» **SUPPLIED RECORDS**:

____________________

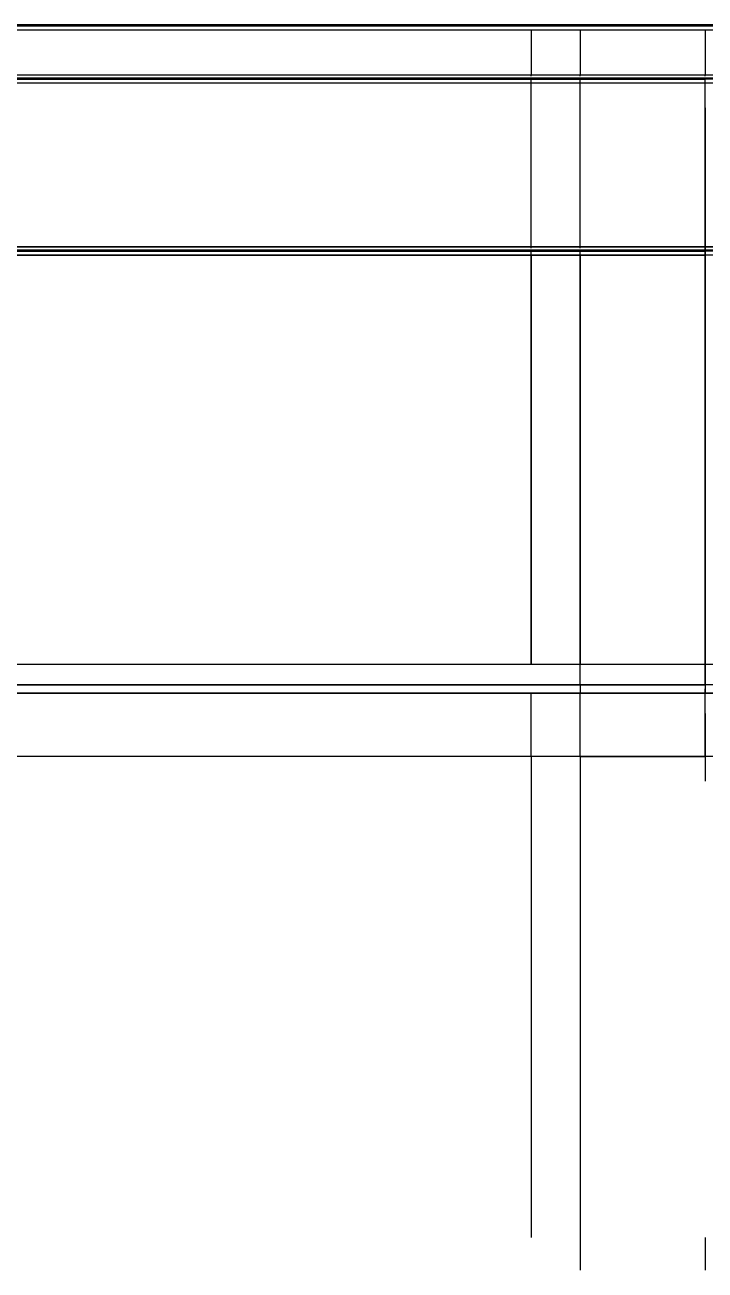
# Model space of a CAD drawing. Header units: metres. Extents: x -754 to -127, y 0 to 641.
# Drawn here: x -587.8 to -421.5, y 0 to 304.3 of the extents above; entities that cross this region are included whole.
import ezdxf

# ---------------------------------------------------------------- set-up
doc = ezdxf.new("R2010")
doc.units = ezdxf.units.M

msp = doc.modelspace()

# ---------------------------------------------------------------- linework, layer by layer
for p, q in [((-127.4, 304.25, -71.83), (-700, 304.25, -505.03)), ((-421.5, 303, -992.1), (-754, 303, -586.02)), ((-700, 304.25, -91.02), (-127.4, 304.25, -89.83)), ((-127.4, 304, -72.27), (-700, 304, -505.3)), ((-700, 304, -91.02), (-127.4, 304, -90.09)), ((-127.4, 303, -73.02), (-700, 303, -506.77)), ((-127.4, 303, -90.27), (-700, 303, -91.02)), ((-464, 303, -888.55), (-464, 303, -888.05)), ((-464, 303, -888.05), (-464, 292, -888.05)), ((-464, 303, -886.55), (-464, 303, -886.05)), ((-464, 303, -886.05), (-464, 292, -886.05)), ((-464, 303, -809.8), (-464, 292, -809.8)), ((-464, 303, -809.3), (-464, 303, -809.8)), ((-464, 303, -807.8), (-464, 292, -807.8)), ((-464, 303, -807.3), (-464, 303, -807.8)), ((-452, 303, -967.48), (-452, 303, -966.98)), ((-452, 303, -966.98), (-452, 292, -966.98)), ((-452, 303, -965.48), (-452, 303, -964.98)), ((-452, 303, -964.98), (-452, 292, -964.98)), ((-452, 303, -897.68), (-452, 303, -896.68)), ((-452, 303, -896.68), (-452, 292, -896.68)), ((-452, 303, -799.18), (-452, 292, -799.18)), ((-452, 303, -798.18), (-452, 303, -799.18)), ((-452, 303, -768.85), (-452, 303, -767.85)), ((-452, 303, -767.85), (-452, 292, -767.85)), ((-421.5, 303.01, -992.1), (-421.5, 303, -1095.59)), ((-421.5, 303, -1080.34), (-421.5, 292, -1080.34)), ((-421.5, 303, -1079.84), (-421.5, 303, -1080.34)), ((-421.5, 303, -1078.34), (-421.5, 292, -1078.34)), ((-421.5, 303, -1077.84), (-421.5, 303, -1078.34)), ((-421.5, 303, -992.1), (-421.5, 303, -991.6)), ((-421.5, 303, -991.6), (-421.5, 292, -991.6)), ((-421.5, 303, -990.1), (-421.5, 303, -989.6)), ((-421.5, 303, -989.6), (-421.5, 292, -989.6)), ((-754, 291.25, -586.02), (-421.5, 291.25, -1095.59)), ((-754, 291, -586.02), (-421.5, 291, -1095.78)), ((-421.5, 290, -974.85), (-754, 290, -586.02)), ((-127.4, 292, -72.27), (-700, 292, -506.77)), ((-127.4, 292, -90.27), (-700, 292, -91.02)), ((-127.4, 291.25, -71.83), (-700, 291.25, -506.33)), ((-127.4, 291, -72.08), (-700, 291, -506.77)), ((-127.4, 290, -73.02), (-700, 290, -506.77)), ((-127.4, 290, -90.27), (-700, 290, -91.02)), ((-464, 291.73, -888.6), (-464, 292, -888.05)), ((-464, 291.73, -886.6), (-464, 292, -886.05)), ((-464, 291.73, -809.25), (-464, 292, -809.8)), ((-464, 291.73, -807.25), (-464, 292, -807.8)), ((-464, 290, -888.05), (-464, 291, -888.05)), ((-464, 290, -886.05), (-464, 291, -886.05)), ((-464, 290, -809.8), (-464, 291, -809.8)), ((-464, 290, -807.8), (-464, 291, -807.8)), ((-464, 250, -887.3), (-464, 290, -887.3)), ((-464, 250, -885.3), (-464, 290, -885.3)), ((-464, 250, -810.55), (-464, 290, -810.55)), ((-464, 250, -808.55), (-464, 290, -808.55)), ((-464, 250, -799.93), (-464, 290, -799.93)), ((-452, 291.73, -967.52), (-452, 292, -966.98)), ((-452, 291.73, -965.52), (-452, 292, -964.98)), ((-452, 291.73, -897.22), (-452, 292, -896.68)), ((-452, 291.73, -798.63), (-452, 292, -799.18)), ((-452, 291.73, -768.4), (-452, 292, -767.85)), ((-452, 290, -966.98), (-452, 291, -966.98)), ((-452, 290, -964.98), (-452, 291, -964.98)), ((-452, 290, -896.68), (-452, 291, -896.68)), ((-452, 290, -799.18), (-452, 291, -799.18)), ((-452, 290, -767.85), (-452, 291, -767.85)), ((-452, 250, -966.23), (-452, 290, -966.23)), ((-452, 250, -964.23), (-452, 290, -964.23)), ((-452, 250, -895.93), (-452, 290, -895.93)), ((-452, 250, -767.1), (-452, 290, -767.1)), ((-421.5, 292, -1095.59), (-421.5, 292.01, -992.51)), ((-421.5, 291.73, -1096.14), (-421.5, 292, -1095.59)), ((-421.5, 291.73, -1079.79), (-421.5, 292, -1080.34)), ((-421.5, 291.73, -1077.79), (-421.5, 292, -1078.34)), ((-421.5, 291.73, -992.15), (-421.5, 292, -991.6)), ((-421.5, 291.73, -990.15), (-421.5, 292, -989.6)), ((-421.5, 291.73, -976.15), (-421.5, 292, -975.6)), ((-421.5, 291.25, -1096.01), (-421.5, 291.26, -992.51)), ((-421.5, 291, -1095.69), (-421.5, 291.01, -992.51)), ((-421.5, 290, -1095.59), (-421.5, 291, -1095.59)), ((-421.5, 290, -1080.34), (-421.5, 291, -1080.34)), ((-421.5, 290, -1078.34), (-421.5, 291, -1078.34)), ((-421.5, 290, -991.6), (-421.5, 291, -991.6)), ((-421.5, 290, -989.6), (-421.5, 291, -989.6)), ((-421.5, 290, -975.6), (-421.5, 291, -975.6)), ((-421.5, 291, -1095.59), (-421.5, 291, -1095.78)), ((-421.5, 291, -975.6), (-421.5, 291, -975.79)), ((-421.5, 290, -974.85), (-421.5, 290.01, -1095.59)), ((-421.5, 274, -1094.84), (-421.5, 290, -1094.84)), ((-421.5, 290, -1094.84), (-421.5, 290, -974.85)), ((-421.5, 274, -1081.09), (-421.5, 290, -1081.09)), ((-421.5, 283.99, -1079.09), (-421.5, 290, -1079.09)), ((-421.5, 283.99, -990.85), (-421.5, 290, -990.85)), ((-421.5, 250, -988.85), (-421.5, 290, -988.85)), ((-421.5, 250, -974.85), (-421.5, 290, -974.85)), ((-421.5, 284, -990.85), (-421.5, 283.99, -1079.09)), ((-421.5, 283.99, -1079.09), (-421.5, 274, -1079.09)), ((-421.5, 283.99, -990.85), (-421.5, 250, -990.85)), ((-421.5, 274, -1097.27), (-421.5, 273, -1097.27)), ((-421.5, 274, -1077.02), (-421.5, 273, -1077.02)), ((-421.5, 274, -1097.27), (-421.5, 274, -1077.02)), ((-421.5, 273, -1097.27), (-421.5, 273, -1087.15)), ((-421.5, 273, -1077.02), (-421.5, 273, -1087.15)), ((-421.5, 271.38, -1095.4), (-421.5, 271.38, -1094.4)), ((-421.5, 271.38, -1094.4), (-421.5, 250, -1094.4)), ((-421.5, 271.38, -1094.4), (-421.5, 271.38, -1087.15)), ((-421.5, 271.38, -1079.9), (-421.5, 271.38, -1087.15)), ((-421.5, 271.38, -1079.9), (-421.5, 250, -1079.9)), ((-421.5, 271.38, -1078.9), (-421.5, 271.38, -1079.9)), ((-421.5, 268, -1082.81), (-421.5, 148, -1082.81)), ((-754, 250, -628.06), (-452, 250, -767.85)), ((-127.4, 250, -73.02), (-754, 250, -544.06)), ((-700, 250, -91.02), (-127.4, 250, -90.27)), ((-464, 249.73, -888.6), (-464, 250, -888.05)), ((-464, 249.73, -886.6), (-464, 250, -886.05)), ((-464, 249.73, -809.25), (-464, 250, -809.8)), ((-464, 249.73, -807.25), (-464, 250, -807.8)), ((-464, 250, -885.3), (-464, 250, -885.3)), ((-464, 250, -810.55), (-464, 250, -810.55)), ((-452, 250, -974.35), (-421.5, 250, -990.85)), ((-452, 250, -767.85), (-452, 250, -974.35)), ((-452, 249.73, -967.52), (-452, 250, -966.97)), ((-452, 249.73, -965.52), (-452, 250, -964.97)), ((-452, 249.73, -897.22), (-452, 250, -896.68)), ((-452, 249.73, -798.63), (-452, 250, -799.18)), ((-452, 249.73, -768.4), (-452, 250, -767.85)), ((-452, 250, -964.22), (-452, 250, -964.22)), ((-421.5, 249.72, -1094.94), (-421.5, 250, -1094.4)), ((-421.5, 250, -1094.4), (-421.5, 250, -1087.15)), ((-421.5, 250, -1079.9), (-421.5, 250, -1087.15)), ((-421.5, 249.72, -1079.35), (-421.5, 250, -1079.9)), ((-421.5, 249.73, -990.15), (-421.5, 250, -989.6)), ((-421.5, 249.73, -976.15), (-421.5, 250, -975.6)), ((-421.5, 249.73, -992.15), (-421.5, 250, -991.6)), ((-421.5, 250, -991.6), (-421.5, 250, -990.85)), ((-421.5, 249.25, -992.04), (-421.5, 249.73, -992.15)), ((-127.4, 249.25, -71.83), (-728, 249.25, -516.95)), ((-127.4, 249, -72.08), (-700, 249, -506.77)), ((-127.4, 248, -73.02), (-700, 248, -506.77)), ((-127.4, 248, -90.27), (-700, 248, -91.02)), ((-638, 249.25, -665.68), (-421.5, 249.25, -976.01)), ((-638, 249, -665.26), (-421.5, 249, -975.6)), ((-638, 248, -665.26), (-421.5, 248, -974.85)), ((-464, 249, -888.05), (-464, 249, -888.24)), ((-464, 248, -888.05), (-464, 249, -888.05)), ((-464, 249, -886.05), (-464, 249, -886.24)), ((-464, 248, -886.05), (-464, 249, -886.05)), ((-464, 249, -809.8), (-464, 249, -809.61)), ((-464, 248, -809.8), (-464, 249, -809.8)), ((-464, 249, -807.8), (-464, 249, -807.61)), ((-464, 248, -807.8), (-464, 249, -807.8)), ((-464, 248, -887.3), (-464, 148, -887.3)), ((-464, 248, -886.05), (-464, 248, -885.3)), ((-464, 248, -809.8), (-464, 248, -810.55)), ((-464, 248, -808.55), (-464, 148, -808.55)), ((-464, 148, -799.93), (-464, 248, -799.93)), ((-464, 248, -885.3), (-464, 148, -885.3)), ((-464, 248, -810.55), (-464, 148, -810.55)), ((-452, 249, -966.97), (-452, 249, -967.16)), ((-452, 248, -966.98), (-452, 249, -966.98)), ((-452, 249, -964.97), (-452, 249, -965.16)), ((-452, 248, -964.98), (-452, 249, -964.98)), ((-452, 249, -896.68), (-452, 249, -896.86)), ((-452, 248, -896.68), (-452, 249, -896.68)), ((-452, 249, -799.18), (-452, 249, -798.99)), ((-452, 248, -799.18), (-452, 249, -799.18)), ((-452, 249, -767.85), (-452, 249, -768.04)), ((-452, 248, -767.85), (-452, 249, -767.85)), ((-452, 248, -966.22), (-452, 148, -966.22)), ((-452, 248, -964.97), (-452, 248, -964.22)), ((-452, 148, -895.93), (-452, 248, -895.93)), ((-452, 148, -767.1), (-452, 248, -767.1)), ((-452, 248, -964.23), (-452, 148, -964.23)), ((-421.5, 249.25, -1094.83), (-421.5, 249.25, -1087.15)), ((-421.5, 249.25, -1079.46), (-421.5, 249.25, -1087.15)), ((-421.5, 249.25, -976.01), (-421.5, 249.25, -992)), ((-421.5, 249, -991.79), (-421.5, 249.25, -992.04)), ((-421.5, 249, -1094.4), (-421.5, 249, -1094.58)), ((-421.5, 248, -1094.4), (-421.5, 249, -1094.4)), ((-421.5, 249, -1094.4), (-421.5, 249, -1087.15)), ((-421.5, 249, -1079.9), (-421.5, 249, -1087.15)), ((-421.5, 249, -1079.9), (-421.5, 249, -1079.71)), ((-421.5, 248, -1079.9), (-421.5, 249, -1079.9)), ((-421.5, 249, -975.79), (-421.5, 249, -991.6)), ((-421.5, 249, -989.6), (-421.5, 249, -989.79)), ((-421.5, 248, -989.6), (-421.5, 249, -989.6)), ((-421.5, 249, -975.6), (-421.5, 249, -975.79)), ((-421.5, 248, -975.6), (-421.5, 249, -975.6)), ((-421.5, 249, -991.6), (-421.5, 249, -991.79)), ((-421.5, 249, -991.6), (-421.5, 248, -991.6)), ((-421.5, 248, -1094.4), (-421.5, 248, -1093.65)), ((-421.5, 248, -1093.65), (-421.5, 248, -1087.15)), ((-421.5, 248, -1080.65), (-421.5, 248, -1087.15)), ((-421.5, 248, -1079.9), (-421.5, 248, -1080.65)), ((-421.5, 248, -974.85), (-421.5, 248, -990.85)), ((-421.5, 148, -974.85), (-421.5, 248, -974.85)), ((-421.5, 248, -1093.65), (-421.5, 156, -1093.64)), ((-421.5, 248, -1080.65), (-421.5, 156, -1080.64)), ((-421.5, 248, -991.6), (-421.5, 248, -990.85)), ((-421.5, 248, -990.85), (-421.5, 142, -990.85)), ((-421.5, 248, -988.85), (-421.5, 142, -988.85)), ((-421.5, 159, -1090.64), (-421.5, 245, -1090.65)), ((-421.5, 245, -1090.65), (-421.5, 245, -1083.65)), ((-421.5, 159.5, -1090.14), (-421.5, 244.5, -1090.15)), ((-421.5, 244.5, -1090.15), (-421.5, 244.5, -1084.15)), ((-421.5, 159.5, -1084.14), (-421.5, 159.5, -1090.14)), ((-421.5, 159, -1083.64), (-421.5, 159, -1090.64)), ((-421.5, 154, -1094.68), (-421.5, 156, -1094.68)), ((-421.5, 156, -1093.64), (-421.5, 156, -1094.68)), ((-421.5, 156, -1087.14), (-421.5, 156, -1093.64)), ((-421.5, 156, -1087.14), (-421.5, 156, -1080.64)), ((-421.5, 156, -1080.64), (-421.5, 156, -1079.6)), ((-421.5, 154, -1079.6), (-421.5, 156, -1079.6)), ((-421.5, 154, -1087.14), (-421.5, 154, -1094.68)), ((-421.5, 154, -1087.14), (-421.5, 154, -1079.6)), ((-421.5, 154, -1094.68), (-421.5, 154, -1095.14)), ((-421.5, 154, -1095.14), (-421.5, 142, -1095.14)), ((-421.5, 154, -1079.6), (-421.5, 154, -1079.14)), ((-421.5, 154, -1079.14), (-421.5, 142, -1079.14)), ((-127.4, 148, -73.02), (-700, 148, -109.02)), ((-127.4, 148, -89.52), (-700, 148, -91.02)), ((-452, 148, -768.6), (-638, 148, -666.02)), ((-452, 148, -897.43), (-464, 148, -827.43)), ((-452, 148, -798.42), (-464, 148, -827.43)), ((-421.5, 148, -976.35), (-452, 148, -768.6)), ((-452, 143, -897.43), (-452, 148, -897.43)), ((-452, 143, -798.42), (-452, 148, -798.42)), ((-452, 143, -768.6), (-452, 148, -768.6)), ((-421.5, 143, -976.35), (-421.5, 148, -976.35)), ((-754, 143, -586.02), (-421.5, 143, -976.35)), ((-127.4, 143, -71.98), (-700, 143, -109.02)), ((-452, 143, -896.97), (-452, 141, -896.97)), ((-452, 143, -798.88), (-452, 141, -798.88)), ((-452, 143, -768.14), (-452, 141, -768.14)), ((-452, 143, -896.97), (-452, 143, -897.43)), ((-452, 143, -798.88), (-452, 143, -798.42)), ((-452, 143, -768.14), (-452, 143, -768.6)), ((-421.5, 143, -975.89), (-421.5, 141, -975.89)), ((-421.5, 143, -975.89), (-421.5, 143, -976.35)), ((-754, 141, -586.02), (-452, 141, -768.14)), ((-127.4, 141, -73.02), (-700, 141, -109.02)), ((-700, 141, -91.02), (-127.4, 141, -89.98)), ((-464, 125.5, -799.92), (-464, 141, -799.92)), ((-452, 141, -768.14), (-421.5, 141, -975.89)), ((-452, 125.5, -895.93), (-452, 141, -895.93)), ((-452, 125.5, -767.1), (-452, 141, -767.1)), ((-421.5, 142, -975.89), (-421.5, 142, -1094.86)), ((-421.5, 136, -1096.84), (-421.5, 142, -1096.84)), ((-421.5, 142, -1096.84), (-421.5, 142, -1094.86)), ((-421.5, 142, -1095.14), (-421.5, 142, -1093.64)), ((-421.5, 142, -1079.14), (-421.5, 142, -1093.64)), ((-421.5, 125.5, -974.85), (-421.5, 141, -974.85)), ((-421.5, 136.01, -974.85), (-421.5, 136, -1094.84)), ((-421.5, 136, -1094.84), (-421.5, 136, -1096.84)), ((-421.5, 136, -1094.84), (-421.5, 119.5, -1094.84)), ((-421.5, 134.5, -1094.84), (-421.5, 134.5, -1104.84)), ((-421.5, 128.5, -1094.84), (-421.5, 128.5, -1104.84)), ((-452, 125.5, -767.1), (-728, 125.5, -656.06)), ((-127.4, 125.5, -74.02), (-700, 125.5, -109.02)), ((-464, 125.5, -894.93), (-464, 119.5, -894.93)), ((-464, 125.5, -800.92), (-464, 119.5, -800.92)), ((-452, 125.5, -767.1), (-421.5, 125.5, -974.85)), ((-452, 125.5, -973.85), (-452, 119.5, -973.85)), ((-464, 119.5, -894.93), (-464, 8, -894.93)), ((-464, 119.5, -800.92), (-464, 8, -800.92)), ((-452, 119.5, -973.85), (-452, 8, -973.85)), ((-452, 8, -900.93), (-452, 0, -900.93)), ((-452, 8, -794.92), (-452, 0, -794.92)), ((-452, 8, -772.1), (-452, 0, -772.1)), ((-421.5, 8, -979.85), (-421.5, 0, -979.85))]:
    msp.add_line(p, q)

doc.saveas('drawing.dxf')

____________________

» **EXERCISE AIM**: How many of the listing's lines include "units"? State only that number.

» **OUTPUT FOR THIS TASK**: 2